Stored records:
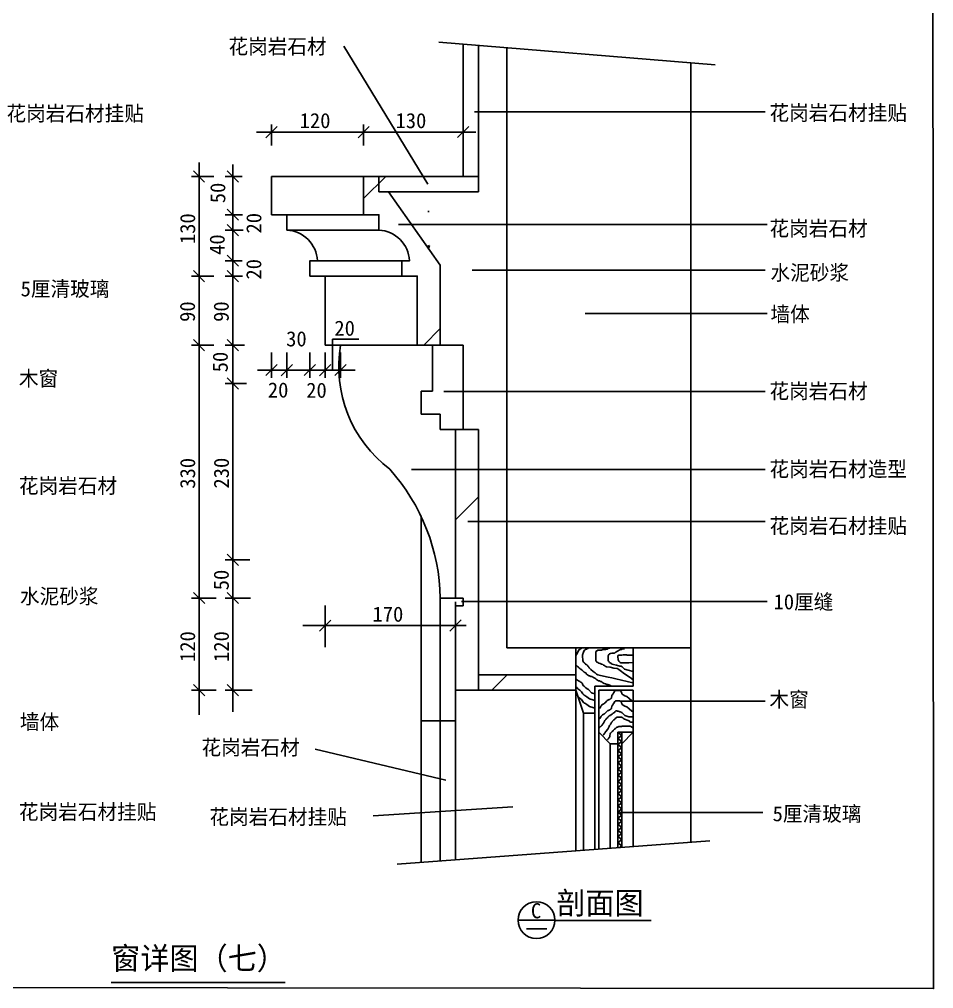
# Model space of a CAD drawing. Header units: metres. Extents: x 2057 to 11265, y 1050 to 12275.
# Drawn here: x 5305 to 11265, y 1050 to 7370 of the extents above; entities that cross this region are included whole.
import ezdxf

# ---------------------------------------------------------------- set-up
doc = ezdxf.new("R2010")
doc.units = ezdxf.units.M
for name, color, linetype in [('2', 2, 'Continuous'), ('3', 3, 'Continuous'), ('4', 4, 'Continuous'), ('7', 7, 'Continuous'), ('BH', 3, 'Continuous'), ('DIM', 3, 'Continuous'), ('TEXT', 3, 'Continuous')]:
    doc.layers.add(name, color=color, linetype=linetype)
doc.dimstyles.get("Standard").update_dxf_attribs({"dimtxt": 2.5, "dimasz": 2.5, "dimexe": 1.25, "dimexo": 0.625, "dimtad": 1, "dimcen": 2.5, "dimazin": 3, "dimtfac": 1, "dimtmove": 0, "dimatfit": 3})

# ---------------------------------------------------------------- blocks, each defined once
blk = doc.blocks.new('BH2')
at = {"layer": 'BH'}
blk.add_lwpolyline([(0, 32), (5, 28), (0, 24), (5, 20), (0, 16), (5, 12), (0, 8), (5, 4), (0, 0)], dxfattribs=at)
blk = doc.blocks.new('_DOT')
blk.add_lwpolyline([(-1.47, -1.45), (1.45, 1.47)])

msp = doc.modelspace()

# ---------------------------------------------------------------- hatches: boundary and pattern name
at = {"layer": 'BH'}
h = msp.add_hatch(dxfattribs=at)
h.set_pattern_fill('ANSI33', scale=300)
h.paths.add_polyline_path([(8198.68, 6346.77), (8298.68, 6346.77), (8298.68, 7201.12), (8198.68, 7209.41)])
h.paths.add_polyline_path([(8298.68, 6246.77), (8298.68, 6346.77), (7648.68, 6346.77), (7648.68, 6246.77)])
h.paths.add_polyline_path([(7648.68, 6096.77), (7648.68, 5996.77, -0.38), (7848.68, 5796.77), (7798.68, 5796.77), (7798.68, 5696.77), (7898.68, 5696.77), (7898.68, 5246.77), (7998.68, 5246.77), (8048.68, 5246.77), (8048.68, 5768.2), (7712.32, 6246.77), (7648.68, 6246.77), (7648.68, 6346.77), (7548.68, 6346.77), (7548.68, 6096.77)])
h.paths.add_polyline_path([(7998.68, 4946.77), (7923.68, 4946.77), (7923.68, 4796.77), (8048.68, 4796.77), (8048.68, 4696.77), (8198.68, 4696.77), (8198.68, 5246.77), (7998.68, 5246.77)])
h.paths.add_polyline_path([(8148.68, 3596.77), (8198.68, 3596.77), (8198.68, 3546.77), (8148.68, 3546.77), (8148.68, 2996.77), (8298.68, 2996.77), (8298.68, 4696.77), (8148.68, 4696.77)])
h.paths.add_polyline_path([(8298.68, 3096.77), (8298.68, 2996.77), (8932.02, 2996.77), (8932.02, 3096.77)])
h = msp.add_hatch(dxfattribs=at)
h.set_pattern_fill('AR-CONC', scale=15)
h.paths.add_polyline_path([(8482.02, 7185.94), (8298.68, 7201.12), (8298.68, 6246.77), (7712.32, 6246.77), (8048.68, 5768.2), (8048.68, 5246.77), (8198.68, 5246.77), (8198.68, 4696.77), (8298.68, 4696.77), (8298.68, 3096.77), (8932.02, 3096.77), (8932.02, 3271.77), (8482.02, 3271.77)])
h = msp.add_hatch(dxfattribs=at)
h.set_pattern_fill('ANSI31', scale=1500)
h.paths.add_polyline_path([(8482.02, 3271.77), (9682.02, 3271.77), (9682.02, 7086.57), (8482.02, 7185.94)])

# ---------------------------------------------------------------- linework, layer by layer
for p, q in [((7346.35, 5084.2), (7346.35, 5284.66)), ((7346.35, 5284.66), (7518.53, 5284.66)), ((8610.36, 1440.08), (8744.41, 1440.08))]:
    msp.add_line(p, q)
at = {"layer": '2'}
for p, q in [((8482.02, 3271.77), (8482.02, 7185.94)), ((9682.02, 3271.77), (9682.02, 7086.57)), ((8482.02, 3271.77), (9682.02, 3271.77))]:
    msp.add_line(p, q, dxfattribs=at)
at = {"layer": '3'}
for p, q in [((9842.14, 7073.31), (8040.02, 7222.54)), ((8982.02, 2846.77), (8982.02, 1952.8)), ((9157.02, 2646.77), (9157.02, 1965.92)), ((9806.69, 2014.63), (7768.37, 1861.79))]:
    msp.add_line(p, q, dxfattribs=at)
at = {"layer": '4'}
for p, q in [((8198.68, 6346.77), (8198.68, 7209.41)), ((8298.68, 6246.77), (8298.68, 7201.12)), ((6948.68, 6346.77), (8298.68, 6346.77)), ((7648.68, 6246.77), (7648.68, 6346.77)), ((7648.68, 6246.77), (8298.68, 6246.77)), ((7712.32, 6246.77), (8048.68, 5768.2)), ((8048.68, 5246.77), (8048.68, 5768.2)), ((7398.68, 5246.77), (7898.68, 5246.77)), ((7998.68, 5246.77), (8198.68, 5246.77)), ((7998.68, 4946.77), (7998.68, 5246.77)), ((8198.68, 4696.77), (8198.68, 5246.77)), ((7923.68, 4946.77), (7998.68, 4946.77)), ((7923.68, 4796.77), (7923.68, 4946.77)), ((7923.68, 4796.77), (8048.68, 4796.77)), ((8048.68, 4696.77), (8048.68, 4796.77)), ((8048.68, 4696.77), (8147.97, 4696.77)), ((8127.04, 4696.77), (8298.68, 4696.77)), ((8148.68, 3596.77), (8148.68, 4696.77)), ((8298.68, 2996.77), (8298.68, 4696.77)), ((8148.68, 3596.77), (8198.68, 3596.77)), ((8148.68, 2996.77), (8148.68, 3546.77)), ((8148.68, 3546.77), (8198.68, 3546.77)), ((8198.68, 3546.77), (8198.68, 3596.77)), ((8932.02, 2996.77), (8932.02, 3271.77)), ((9307.02, 3021.77), (9307.02, 3271.77)), ((9682.02, 3271.77), (9682.02, 2005.28)), ((8298.68, 3096.77), (8932.02, 3096.77)), ((8148.68, 2996.77), (8148.68, 1890.31)), ((8148.68, 2996.77), (8932.02, 2996.77)), ((8932.02, 2996.77), (8982.02, 2846.77)), ((9057.02, 3021.77), (9307.02, 3021.77)), ((9057.02, 2846.77), (9057.02, 3021.77)), ((9082.02, 2996.77), (9307.02, 2996.77)), ((9082.02, 2721.77), (9082.02, 2996.77)), ((9307.02, 2721.77), (9307.02, 2996.77)), ((9057.02, 2846.77), (8982.02, 2846.77)), ((9157.02, 2646.77), (9082.02, 2721.77)), ((9307.02, 2721.77), (9207.02, 2721.77)), ((9232.02, 2646.77), (9307.02, 2721.77)), ((9207.02, 2646.77), (9157.02, 2646.77))]:
    msp.add_line(p, q, dxfattribs=at)
for points in [[(8148.68, 3596.77), (8048.68, 3596.77, 0.18), (7720.06, 4436.87, -0.28), (7398.68, 5246.77), (7298.68, 5246.77), (7298.68, 5696.77), (7198.68, 5696.77), (7198.68, 5796.77), (7248.68, 5796.77, 0.38), (7048.68, 5996.77), (7048.68, 6096.77), (6948.68, 6096.77), (6948.68, 6346.77)], [(7998.68, 5246.77), (7898.68, 5246.77), (7898.68, 5696.77), (7798.68, 5696.77), (7798.68, 5796.77), (7848.68, 5796.77, 0.38), (7648.68, 5996.77), (7648.68, 6096.77), (7548.68, 6096.77), (7548.68, 6346.77)]]:
    msp.add_lwpolyline(points, format="xyb", dxfattribs=at)
at = {"layer": '7'}
for p, q in [((7048.68, 6096.77), (7548.68, 6096.77)), ((7048.68, 5996.77), (7648.68, 5996.77)), ((7248.68, 5796.77), (7798.68, 5796.77)), ((7298.68, 5696.77), (7798.68, 5696.77)), ((7923.68, 4132.37), (7923.68, 1873.44)), ((8048.68, 3596.77), (8048.68, 1882.81)), ((8932.02, 2996.77), (8932.02, 1949.05)), ((9057.02, 2846.77), (9057.02, 1958.42)), ((7923.68, 2796.77), (8148.68, 2796.77)), ((9082.02, 2721.77), (9082.02, 1960.29)), ((9207.02, 2721.77), (9207.02, 1969.67)), ((9232.02, 2721.77), (9232.02, 1971.54)), ((9307.02, 2721.77), (9307.02, 1977.17))]:
    msp.add_line(p, q, dxfattribs=at)
at = {"layer": 'BH'}
for p, q in [((8932.02, 3219.52), (8934.44, 3224.37)), ((8934.44, 3224.37), (8935.92, 3228.83)), ((8935.92, 3228.83), (8940.37, 3234.77)), ((8940.37, 3234.77), (8943.34, 3242.2)), ((8943.34, 3242.2), (8947.79, 3249.63)), ((8947.79, 3249.63), (8952.25, 3258.55)), ((8952.25, 3258.55), (8958.18, 3261.52)), ((8958.18, 3261.52), (8964.12, 3265.98)), ((8964.12, 3265.98), (8967.09, 3267.47)), ((8967.09, 3267.47), (8970.06, 3270.44)), ((8970.06, 3270.44), (8974.05, 3271.77)), ((8975.99, 3227.34), (8977.48, 3231.8)), ((8975.99, 3219.91), (8975.99, 3227.34)), ((8977.48, 3231.8), (8978.96, 3233.29)), ((8978.96, 3233.29), (8980.44, 3237.74)), ((8980.44, 3237.74), (8981.93, 3245.17)), ((8981.93, 3245.17), (8984.9, 3251.12)), ((8984.9, 3251.12), (8989.35, 3257.06)), ((8989.35, 3257.06), (8995.29, 3261.52)), ((8995.29, 3261.52), (9001.22, 3264.49)), ((9001.22, 3264.49), (9004.19, 3265.98)), ((9004.19, 3265.98), (9008.64, 3267.47)), ((9008.64, 3267.47), (9013.1, 3268.95)), ((9013.1, 3268.95), (9016.85, 3271.77)), ((9062.07, 3248.74), (9068.01, 3251.71)), ((9062.07, 3189.56), (9062.07, 3248.74)), ((9068.01, 3251.71), (9076.91, 3256.17)), ((9076.91, 3256.17), (9085.82, 3256.17)), ((9085.82, 3256.17), (9093.24, 3257.66)), ((9093.24, 3257.66), (9099.17, 3257.66)), ((9099.17, 3257.66), (9108.08, 3260.63)), ((9108.08, 3260.63), (9128.86, 3262.12)), ((9128.86, 3262.12), (9136.28, 3263.6)), ((9136.28, 3263.6), (9143.7, 3268.06)), ((9143.7, 3268.06), (9151.12, 3269.55)), ((9143.7, 3221.99), (9145.18, 3224.96)), ((9145.18, 3224.96), (9148.15, 3227.94)), ((9148.15, 3227.94), (9149.63, 3230.91)), ((9149.63, 3230.91), (9152.6, 3232.39)), ((9151.12, 3269.55), (9155.56, 3271.77)), ((9152.6, 3232.39), (9158.54, 3235.37)), ((9158.54, 3235.37), (9167.44, 3236.85)), ((9167.44, 3236.85), (9173.38, 3238.34)), ((9173.38, 3238.34), (9185.25, 3238.34)), ((9185.25, 3238.34), (9188.22, 3241.31)), ((9188.22, 3241.31), (9191.19, 3242.8)), ((9191.19, 3242.8), (9194.16, 3244.28)), ((9194.16, 3244.28), (9200.09, 3248.74)), ((9200.09, 3248.74), (9204.55, 3250.23)), ((9204.55, 3250.23), (9209, 3253.2)), ((9207.52, 3221.99), (9209, 3223.48)), ((9209, 3253.2), (9214.94, 3256.17)), ((9209, 3223.48), (9213.45, 3224.96)), ((9213.45, 3224.96), (9232.75, 3224.96)), ((9214.94, 3256.17), (9219.39, 3259.14)), ((9219.39, 3259.14), (9223.84, 3260.63)), ((9223.84, 3260.63), (9228.29, 3262.12)), ((9228.29, 3262.12), (9232.75, 3262.12)), ((9232.75, 3262.12), (9237.2, 3265.09)), ((9232.75, 3224.96), (9240.17, 3226.45)), ((9237.2, 3265.09), (9241.65, 3265.09)), ((9240.17, 3226.45), (9262.43, 3226.45)), ((9241.65, 3265.09), (9246.1, 3266.57)), ((9246.1, 3266.57), (9250.55, 3266.57)), ((9262.43, 3226.45), (9266.88, 3224.96)), ((9266.88, 3224.96), (9307.02, 3224.96)), ((8932.95, 3162.22), (8932.02, 3164.09)), ((8937.41, 3156.27), (8932.95, 3162.22)), ((8977.48, 3188.97), (8975.99, 3219.91)), ((8980.44, 3183.02), (8977.48, 3188.97)), ((8983.41, 3178.56), (8980.44, 3183.02)), ((8986.38, 3175.59), (8983.41, 3178.56)), ((8989.35, 3174.11), (8986.38, 3175.59)), ((8992.32, 3172.62), (8989.35, 3174.11)), ((8992.32, 3171.13), (8992.32, 3172.62)), ((8995.29, 3166.67), (8992.32, 3171.13)), ((9004.19, 3160.73), (8995.29, 3166.67)), ((9010.13, 3154.79), (9004.19, 3160.73)), ((9065.04, 3185.1), (9062.07, 3189.56)), ((9066.52, 3183.62), (9065.04, 3185.1)), ((9069.49, 3179.16), (9066.52, 3183.62)), ((9075.43, 3176.18), (9069.49, 3179.16)), ((9082.85, 3173.21), (9075.43, 3176.18)), ((9091.75, 3170.24), (9082.85, 3173.21)), ((9100.66, 3165.78), (9091.75, 3170.24)), ((9108.08, 3162.81), (9100.66, 3165.78)), ((9114.02, 3159.84), (9108.08, 3162.81)), ((9143.7, 3189.56), (9143.7, 3221.99)), ((9145.18, 3186.59), (9143.7, 3189.56)), ((9149.63, 3182.13), (9145.18, 3186.59)), ((9152.6, 3177.67), (9149.63, 3182.13)), ((9157.06, 3174.7), (9152.6, 3177.67)), ((9160.02, 3171.73), (9157.06, 3174.7)), ((9162.99, 3170.24), (9160.02, 3171.73)), ((9170.41, 3165.78), (9162.99, 3170.24)), ((9177.83, 3162.81), (9170.41, 3165.78)), ((9198.61, 3158.35), (9177.83, 3162.81)), ((9207.52, 3217.53), (9207.52, 3221.99)), ((9209, 3191.05), (9207.52, 3217.53)), ((9210.48, 3189.56), (9209, 3191.05)), ((9211.97, 3186.59), (9210.48, 3189.56)), ((9213.45, 3186.59), (9211.97, 3186.59)), ((9213.45, 3185.1), (9213.45, 3186.59)), ((9216.42, 3180.64), (9213.45, 3185.1)), ((9220.87, 3177.67), (9216.42, 3180.64)), ((9225.32, 3174.7), (9220.87, 3177.67)), ((9278.75, 3174.7), (9225.32, 3174.7)), ((9305.47, 3176.18), (9278.75, 3174.7)), ((9307.02, 3176.3), (9305.47, 3176.18)), ((8943.34, 3150.33), (8937.41, 3156.27)), ((8949.28, 3147.36), (8943.34, 3150.33)), ((8952.25, 3144.38), (8949.28, 3147.36)), ((8955.21, 3141.41), (8952.25, 3144.38)), ((8955.21, 3139.92), (8955.21, 3141.41)), ((8958.18, 3138.44), (8955.21, 3139.92)), ((8961.15, 3135.47), (8958.18, 3138.44)), ((8964.12, 3133.98), (8961.15, 3135.47)), ((8967.09, 3132.49), (8964.12, 3133.98)), ((8968.57, 3129.52), (8967.09, 3132.49)), ((8970.06, 3128.04), (8968.57, 3129.52)), ((8975.99, 3123.58), (8970.06, 3128.04)), ((8980.44, 3120.61), (8975.99, 3123.58)), ((8984.9, 3116.15), (8980.44, 3120.61)), ((8987.87, 3114.66), (8984.9, 3116.15)), ((8992.32, 3111.69), (8987.87, 3114.66)), ((8996.77, 3110.2), (8992.32, 3111.69)), ((8998.25, 3108.72), (8996.77, 3110.2)), ((8999.74, 3105.74), (8998.25, 3108.72)), ((8999.74, 3104.26), (8999.74, 3105.74)), ((9002.71, 3099.8), (8999.74, 3104.26)), ((9008.64, 3096.83), (9002.71, 3099.8)), ((9013.1, 3150.33), (9010.13, 3154.79)), ((9017.55, 3147.36), (9013.1, 3150.33)), ((9020.52, 3142.9), (9017.55, 3147.36)), ((9023.48, 3138.44), (9020.52, 3142.9)), ((9026.45, 3135.47), (9023.48, 3138.44)), ((9030.9, 3131.01), (9026.45, 3135.47)), ((9045.75, 3119.12), (9030.9, 3131.01)), ((9053.17, 3114.66), (9045.75, 3119.12)), ((9057.62, 3108.72), (9053.17, 3114.66)), ((9062.07, 3105.74), (9057.62, 3108.72)), ((9066.52, 3101.29), (9062.07, 3105.74)), ((9075.43, 3096.83), (9066.52, 3101.29)), ((9119.95, 3156.87), (9114.02, 3159.84)), ((9124.4, 3153.89), (9119.95, 3156.87)), ((9133.31, 3149.44), (9124.4, 3153.89)), ((9157.06, 3146.46), (9133.31, 3149.44)), ((9180.8, 3140.52), (9157.06, 3146.46)), ((9201.58, 3137.55), (9180.8, 3140.52)), ((9219.39, 3153.89), (9198.61, 3158.35)), ((9206.03, 3136.06), (9201.58, 3137.55)), ((9211.97, 3131.6), (9206.03, 3136.06)), ((9220.87, 3125.66), (9211.97, 3131.6)), ((9228.29, 3152.41), (9219.39, 3153.89)), ((9250.55, 3101.88), (9220.87, 3125.66)), ((9235.71, 3147.95), (9228.29, 3152.41)), ((9241.65, 3142), (9235.71, 3147.95)), ((9250.55, 3133.09), (9241.65, 3142)), ((9274.3, 3127.14), (9250.55, 3133.09)), ((9286.17, 3078.1), (9250.55, 3101.88)), ((9307.02, 3118.95), (9274.3, 3127.14)), ((8932.95, 3070.08), (8932.02, 3071.02)), ((8937.41, 3065.62), (8932.95, 3070.08)), ((8943.34, 3061.16), (8937.41, 3065.62)), ((8949.28, 3058.19), (8943.34, 3061.16)), ((8953.73, 3055.22), (8949.28, 3058.19)), ((8958.18, 3052.24), (8953.73, 3055.22)), ((8964.12, 3049.27), (8958.18, 3052.24)), ((8967.09, 3047.79), (8964.12, 3049.27)), ((8970.06, 3046.3), (8967.09, 3047.79)), ((8973.02, 3041.84), (8970.06, 3046.3)), ((8975.99, 3035.9), (8973.02, 3041.84)), ((8978.96, 3031.44), (8975.99, 3035.9)), ((9014.58, 3092.37), (9008.64, 3096.83)), ((9019.03, 3090.88), (9014.58, 3092.37)), ((9022, 3090.88), (9019.03, 3090.88)), ((9026.45, 3087.91), (9022, 3090.88)), ((9030.9, 3086.42), (9026.45, 3087.91)), ((9035.36, 3086.42), (9030.9, 3086.42)), ((9038.33, 3084.94), (9035.36, 3086.42)), ((9044.26, 3080.48), (9038.33, 3084.94)), ((9056.13, 3074.54), (9044.26, 3080.48)), ((9062.07, 3070.08), (9056.13, 3074.54)), ((9065.04, 3067.11), (9062.07, 3070.08)), ((9069.49, 3064.13), (9065.04, 3067.11)), ((9073.94, 3061.16), (9069.49, 3064.13)), ((9079.88, 3058.19), (9073.94, 3061.16)), ((9084.33, 3093.86), (9075.43, 3096.83)), ((9087.3, 3056.7), (9079.88, 3058.19)), ((9114.02, 3087.91), (9084.33, 3093.86)), ((9093.24, 3053.73), (9087.3, 3056.7)), ((9097.69, 3052.24), (9093.24, 3053.73)), ((9103.63, 3049.27), (9097.69, 3052.24)), ((9109.56, 3044.81), (9103.63, 3049.27)), ((9116.98, 3040.36), (9109.56, 3044.81)), ((9143.7, 3081.97), (9114.02, 3087.91)), ((9125.89, 3037.38), (9116.98, 3040.36)), ((9134.79, 3034.41), (9125.89, 3037.38)), ((9142.21, 3032.92), (9134.79, 3034.41)), ((9167.44, 3076.02), (9143.7, 3081.97)), ((9194.16, 3070.08), (9167.44, 3076.02)), ((9229.78, 3061.16), (9194.16, 3070.08)), ((9268.36, 3052.24), (9229.78, 3061.16)), ((9303.98, 3044.81), (9268.36, 3052.24)), ((9307.02, 3062.92), (9286.17, 3078.1)), ((9307.02, 3044.16), (9303.98, 3044.81)), ((8932.95, 3021.04), (8932.02, 3021.97)), ((8934.44, 3018.06), (8932.95, 3021.04)), ((8935.92, 3018.06), (8934.44, 3018.06)), ((8935.92, 3016.58), (8935.92, 3018.06)), ((8940.37, 3010.63), (8935.92, 3016.58)), ((8944.83, 3006.17), (8940.37, 3010.63)), ((8952.25, 3000.23), (8944.83, 3006.17)), ((8958.18, 2995.77), (8952.25, 3000.23)), ((8962.64, 2991.31), (8958.18, 2995.77)), ((8968.57, 2985.37), (8962.64, 2991.31)), ((8977.48, 2973.48), (8968.57, 2985.37)), ((8981.93, 2967.54), (8977.48, 2973.48)), ((8983.41, 3025.49), (8978.96, 3031.44)), ((8989.35, 3019.55), (8983.41, 3025.49)), ((8996.77, 3012.12), (8989.35, 3019.55)), ((9005.67, 3006.17), (8996.77, 3012.12)), ((9014.58, 3000.23), (9005.67, 3006.17)), ((9035.36, 2979.42), (9014.58, 3000.23)), ((9057.02, 2972.65), (9035.36, 2979.42)), ((9148.15, 3031.44), (9142.21, 3032.92)), ((9154.09, 3028.47), (9148.15, 3031.44)), ((9161.51, 3025.49), (9154.09, 3028.47)), ((9166.16, 3021.77), (9161.51, 3025.49)), ((9174.11, 2971.43), (9173.2, 2967.8)), ((9175.92, 2973.24), (9174.11, 2971.43)), ((9177.73, 2976.87), (9175.92, 2973.24)), ((9180.45, 2980.5), (9177.73, 2976.87)), ((9185.89, 2991.39), (9180.45, 2980.5)), ((9188.61, 2994.12), (9185.89, 2991.39)), ((9190.42, 2995.02), (9188.61, 2994.12)), ((9217.61, 2995.02), (9190.42, 2995.02)), ((9221.24, 2993.21), (9217.61, 2995.02)), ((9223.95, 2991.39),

Task objective: Pull from the data each line where the string "units" turns up.

Response area:
# Model space of a CAD drawing. Header units: metres. Extents: x 2057 to 11265, y 1050 to 12275.
doc.units = ezdxf.units.M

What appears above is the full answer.